In an example I used elsewhere, if my word processor can't allocate
enough memory to load a fourth document, I have at least two options:
crash and burn, or simply accept I can only work with three documents
right now.
Crashing and burning is not so good if I have three documents open with
edits I'd like to keep; I'd much prefer simply getting a failure
indicator - such as NULL instead of a valid pointer - and coping with it
in the calling code. If nothing else, I can save the existing documents
before bailing.
No, it can not because loss of human life, loss of other goods may be
the consequence of simpy exit(). The only who knows to handle the
unabiltity of malloc() is the caller or its parent of malloc().
....
exit() is forbidden because it will left much devices in an unmaintend
state, like
switches open, signals set, pumps pumping, rockets firing, gates opened,
filters passing, firing the 3. WWW up, .....
"Yes, the nuclear plant melted down and spewed radiation across three
counties, all because we couldn't allocate enough memory for another
week's worth of status logs. We could have simply returned NULL and let
the caller free the previous week's logs, freeing up the space for the
new data, but it was easier to just abort, leaving valves opened,
temperatures and pressures unmonitored, that sort of thing. So for your
own safety, would you mind not breathing until, oh, 2150? Thank you."
And all that because the programmer was to braindead to write a single
if.
You really have to wonder. Do these people actually just blindly assume
every file open works? Every file read or write works? Every network
connection establishes, every packet transmits?

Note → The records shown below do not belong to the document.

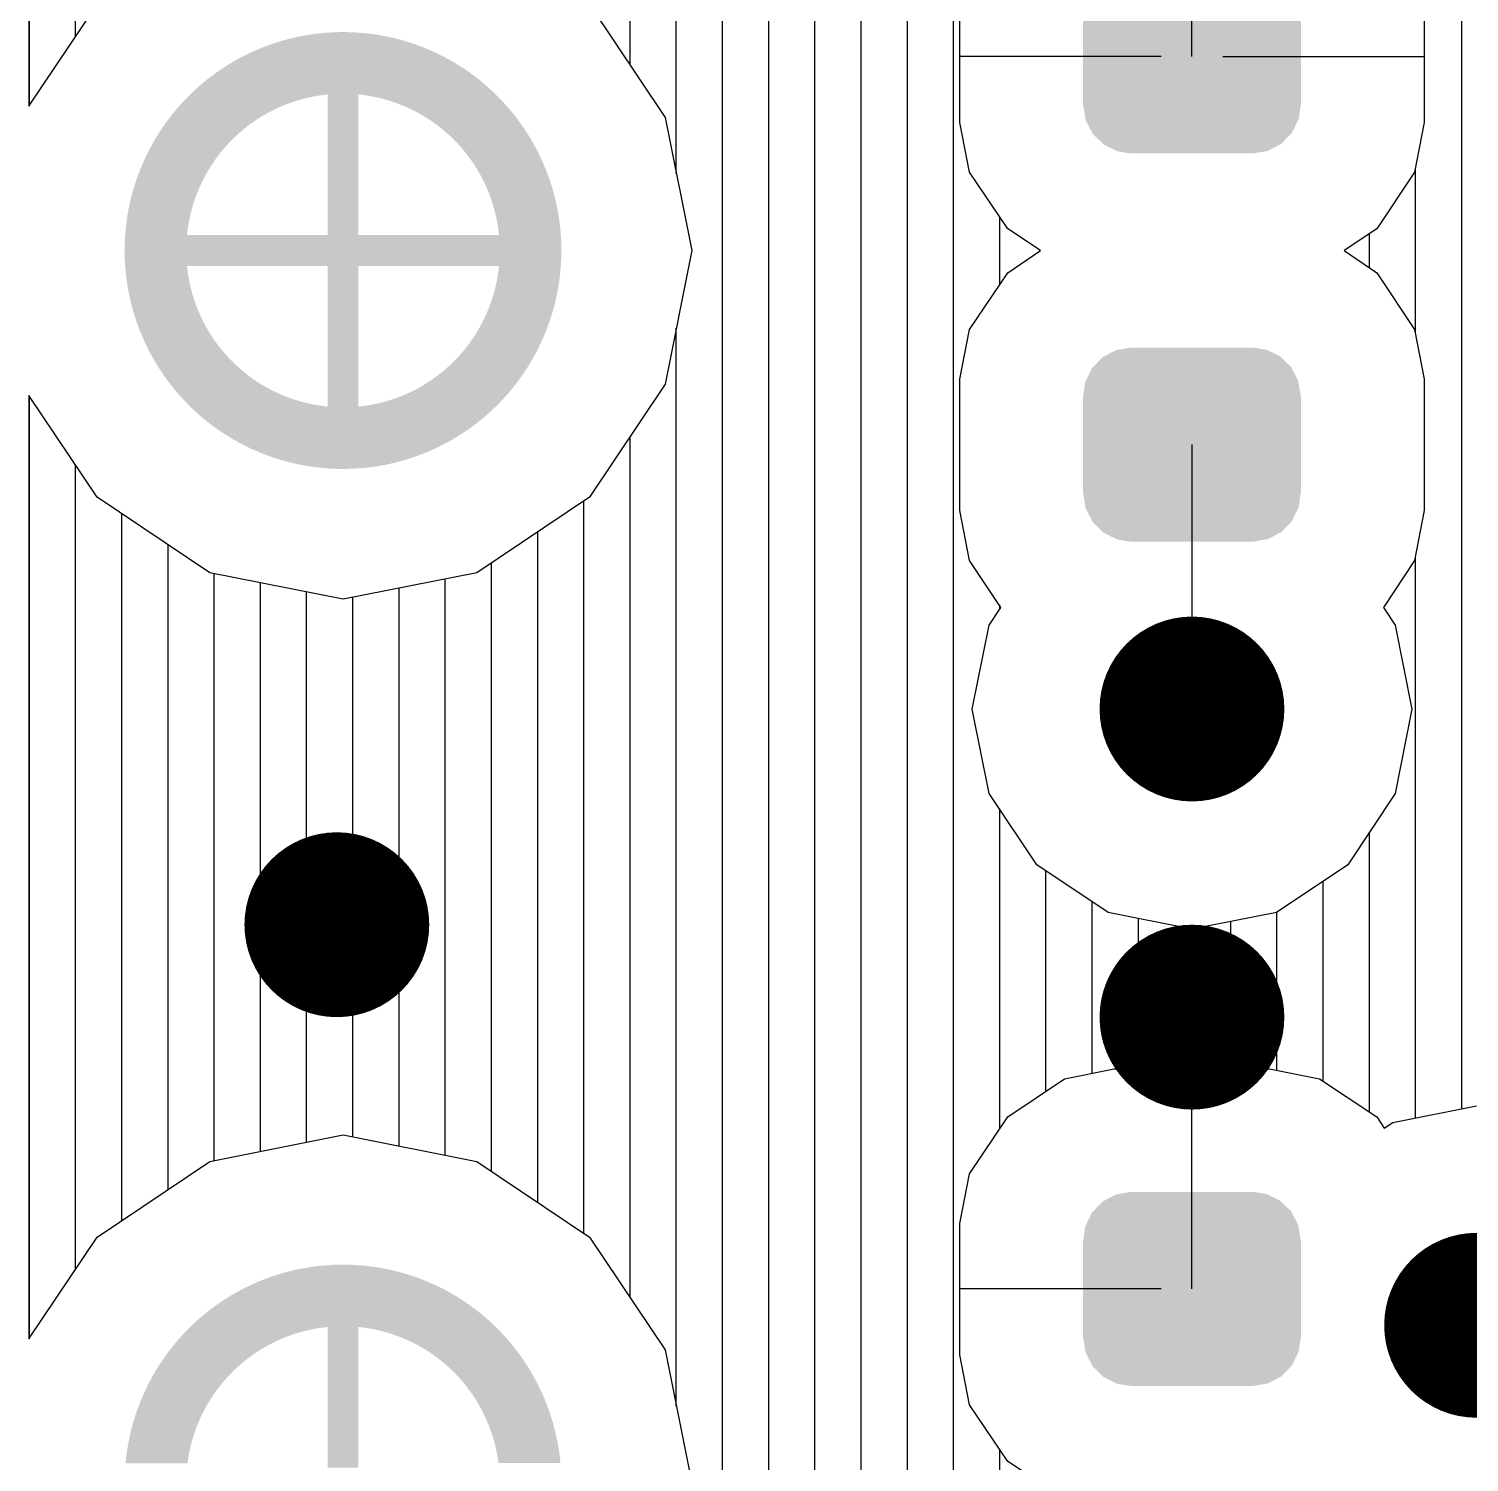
# Model space of a CAD drawing. Extents: x 295 to 953, y 10 to 290.
# Drawn here: x 506.62 to 516.42, y 187.93 to 197.67 of the extents above; entities that cross this region are included whole.
import ezdxf

# ---------------------------------------------------------------- set-up
doc = ezdxf.new("R2010")
doc.units = 0
doc.header["$LTSCALE"] = 5
doc.header["$MEASUREMENT"] = 0
doc.layers.get('0').update_dxf_attribs({"linetype": 'CONTINUOUS', "lineweight": 25})
doc.layers.add('DV-INT-A3_TOP', color=10, linetype='CONTINUOUS')

msp = doc.modelspace()

# ---------------------------------------------------------------- linework, layer by layer
at = {"const_width": 0.6286}
for points in [[(514.22, 193.0482, 1), (514.8486, 193.0482, 1)], [(508.4029, 191.5813, 1), (509.0315, 191.5813, 1)], [(514.22, 190.9527, 1), (514.8486, 190.9527, 1)], [(516.1562, 188.8572, 1), (516.7849, 188.8572, 1)]]:
    msp.add_lwpolyline(points, format="xyb", close=True, dxfattribs=at)
for points in [[(513.7925, 197.1554), (513.7925, 197.8175), (515.2761, 197.1554), (515.2761, 197.8175)], [(508.5401, 197.6356), (508.5481, 197.6369), (508.9793, 197.6356), (508.9686, 197.6369)], [(508.5481, 197.6369), (508.6106, 197.6444), (508.9686, 197.6369), (508.9092, 197.6444)], [(508.6106, 197.6444), (508.6182, 197.6453), (508.9092, 197.6444), (508.8976, 197.6453)], [(508.6182, 197.6453), (508.682, 197.6498), (508.8976, 197.6453), (508.8389, 197.6498)], [(508.682, 197.6498), (508.6886, 197.6503), (508.8389, 197.6498), (508.8232, 197.6503)], [(508.6886, 197.6503), (508.7579, 197.652), (508.8232, 197.6503), (508.7683, 197.652)], [(508.7579, 197.652), (508.7591, 197.652), (508.7683, 197.652), (508.7591, 197.652)], [(508.1431, 197.5182), (508.1999, 197.5425), (509.3747, 197.5182), (509.3188, 197.5425)], [(508.1999, 197.5425), (508.208, 197.546), (509.3188, 197.5425), (509.3097, 197.546)], [(508.208, 197.546), (508.2659, 197.5676), (509.3097, 197.546), (509.2528, 197.5676)], [(508.2659, 197.5676), (508.2741, 197.5706), (509.2528, 197.5676), (509.2435, 197.5706)], [(508.2741, 197.5706), (508.3331, 197.5894), (509.2435, 197.5706), (509.1857, 197.5894)], [(508.3331, 197.5894), (508.3413, 197.592), (509.1857, 197.5894), (509.1762, 197.592)], [(508.3413, 197.592), (508.4013, 197.6081), (509.1762, 197.592), (509.1177, 197.6081)], [(508.4013, 197.6081), (508.4095, 197.6103), (509.1177, 197.6081), (509.1078, 197.6103)], [(508.4095, 197.6103), (508.4703, 197.6235), (509.1078, 197.6103), (509.0488, 197.6235)], [(508.4703, 197.6235), (508.4785, 197.6252), (509.0488, 197.6235), (509.0386, 197.6252)], [(508.4785, 197.6252), (508.5401, 197.6356), (509.0386, 197.6252), (508.9793, 197.6356)], [(507.9573, 197.417), (508.01, 197.4491), (509.5606, 197.417), (509.5086, 197.4491)], [(508.01, 197.4491), (508.0176, 197.4537), (509.5086, 197.4491), (509.5002, 197.4537)], [(508.0176, 197.4537), (508.0718, 197.4832), (509.5002, 197.4537), (509.4468, 197.4832)], [(508.0718, 197.4832), (508.0796, 197.4875), (509.4468, 197.4832), (509.4382, 197.4875)], [(508.0796, 197.4875), (508.1351, 197.5144), (509.4382, 197.4875), (509.3835, 197.5144)], [(508.1351, 197.5144), (508.1431, 197.5182), (509.3835, 197.5144), (509.3747, 197.5182)], [(507.8422, 197.3353), (507.8916, 197.3722), (509.6757, 197.3353), (509.6269, 197.3722)], [(507.8916, 197.3722), (507.8988, 197.3775), (509.6269, 197.3722), (509.6191, 197.3775)], [(507.8988, 197.3775), (507.9499, 197.412), (509.6191, 197.3775), (509.5687, 197.412)], [(507.9499, 197.412), (507.9573, 197.417), (509.5687, 197.412), (509.5606, 197.417)], [(507.7355, 197.2431), (507.7811, 197.2844), (509.7825, 197.2431), (509.7374, 197.2844)], [(507.7811, 197.2844), (507.7878, 197.2905), (509.7374, 197.2844), (509.7302, 197.2905)], [(507.7878, 197.2905), (507.8353, 197.3296), (509.7302, 197.2905), (509.6832, 197.3296)], [(507.8353, 197.3296), (507.8422, 197.3353), (509.6832, 197.3296), (509.6757, 197.3353)], [(507.6379, 197.1411), (507.6527, 197.1573), (508.3271, 197.1411), (508.3647, 197.1573)], [(507.6527, 197.1573), (507.6714, 197.1778), (508.3647, 197.1573), (508.4209, 197.1778)], [(507.6714, 197.1778), (507.6855, 197.1932), (508.4209, 197.1778), (508.4717, 197.1932)], [(507.6855, 197.1932), (507.6875, 197.1952), (508.4717, 197.1932), (508.4781, 197.1952)], [(507.6875, 197.1952), (507.7016, 197.2093), (508.4781, 197.1952), (508.5362, 197.2093)], [(507.7016, 197.2093), (507.7125, 197.2202), (508.5362, 197.2093), (508.595, 197.2202)], [(507.7125, 197.2202), (507.7201, 197.2277), (508.595, 197.2202), (508.6543, 197.2277)], [(507.7201, 197.2277), (507.7291, 197.2367), (509.7983, 197.2277), (509.7894, 197.2367)], [(507.7291, 197.2367), (507.7355, 197.2431), (509.7894, 197.2367), (509.7825, 197.2431)], [(508.6543, 196.2711), (508.6543, 197.2277), (508.8639, 196.2711), (508.8639, 197.2277)], [(508.894, 197.2243), (508.8639, 197.2277), (509.8017, 197.2243), (509.7983, 197.2277)], [(508.953, 197.2151), (508.894, 197.2243), (509.8108, 197.2151), (509.8017, 197.2243)], [(509.0115, 197.2026), (508.953, 197.2151), (509.8232, 197.2026), (509.8108, 197.2151)], [(509.0692, 197.1868), (509.0115, 197.2026), (509.8388, 197.1868), (509.8232, 197.2026)], [(509.0699, 197.1866), (509.0692, 197.1868), (509.8391, 197.1866), (509.8388, 197.1868)], [(509.1259, 197.1678), (509.0699, 197.1866), (509.856, 197.1678), (509.8391, 197.1866)], [(509.1814, 197.1457), (509.1259, 197.1678), (509.8759, 197.1457), (509.856, 197.1678)], [(513.8096, 197.0625), (513.7946, 197.1554), (515.2606, 197.0625), (515.274, 197.1554)], [(507.5613, 197.0448), (507.5858, 197.0773), (508.1542, 197.0448), (508.2044, 197.0773)], [(507.5858, 197.0773), (507.5929, 197.0868), (508.2044, 197.0773), (508.221, 197.0868)], [(507.5929, 197.0868), (507.6096, 197.1069), (508.221, 197.0868), (508.2563, 197.1069)], [(507.6096, 197.1069), (507.6317, 197.1336), (508.2563, 197.1069), (508.3098, 197.1336)], [(507.6317, 197.1336), (507.6379, 197.1411), (508.3098, 197.1336), (508.3271, 197.1411)], [(509.2063, 197.1341), (509.1814, 197.1457), (509.8863, 197.1341), (509.8759, 197.1457)], [(509.2357, 197.1205), (509.2063, 197.1341), (509.8975, 197.1205), (509.8863, 197.1341)], [(509.2884, 197.0923), (509.2357, 197.1205), (509.9205, 197.0923), (509.8975, 197.1205)], [(509.3094, 197.0795), (509.2884, 197.0923), (509.931, 197.0795), (509.9205, 197.0923)], [(509.3394, 197.0612), (509.3094, 197.0795), (509.9446, 197.0612), (509.931, 197.0795)], [(509.3887, 197.0273), (509.3394, 197.0612), (509.9698, 197.0273), (509.9446, 197.0612)], [(513.8113, 197.052), (513.8096, 197.0625), (515.2556, 197.052), (515.2606, 197.0625)], [(513.8549, 196.968), (513.8113, 197.052), (515.2155, 196.968), (515.2556, 197.052)], [(507.4858, 196.9311), (507.5106, 196.9716), (508.0157, 196.9311), (508.0597, 196.9716)], [(507.5106, 196.9716), (507.5108, 196.972), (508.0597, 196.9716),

I suspect not; I suspect they do, in fact, check these things as a matter
of habit. Memory allocation, though, invokes some weird sort of black
magic which cannot, for some reason, be dealt with in the same way.
I don't get it, and it sounds like you don't, either. Maybe one of 'em
will explain it in terms that involve some sort of consistency: if you
check one sort of resource acquisition as a matter of habit or design,
why is another sort of resource acquisition treated so much differently?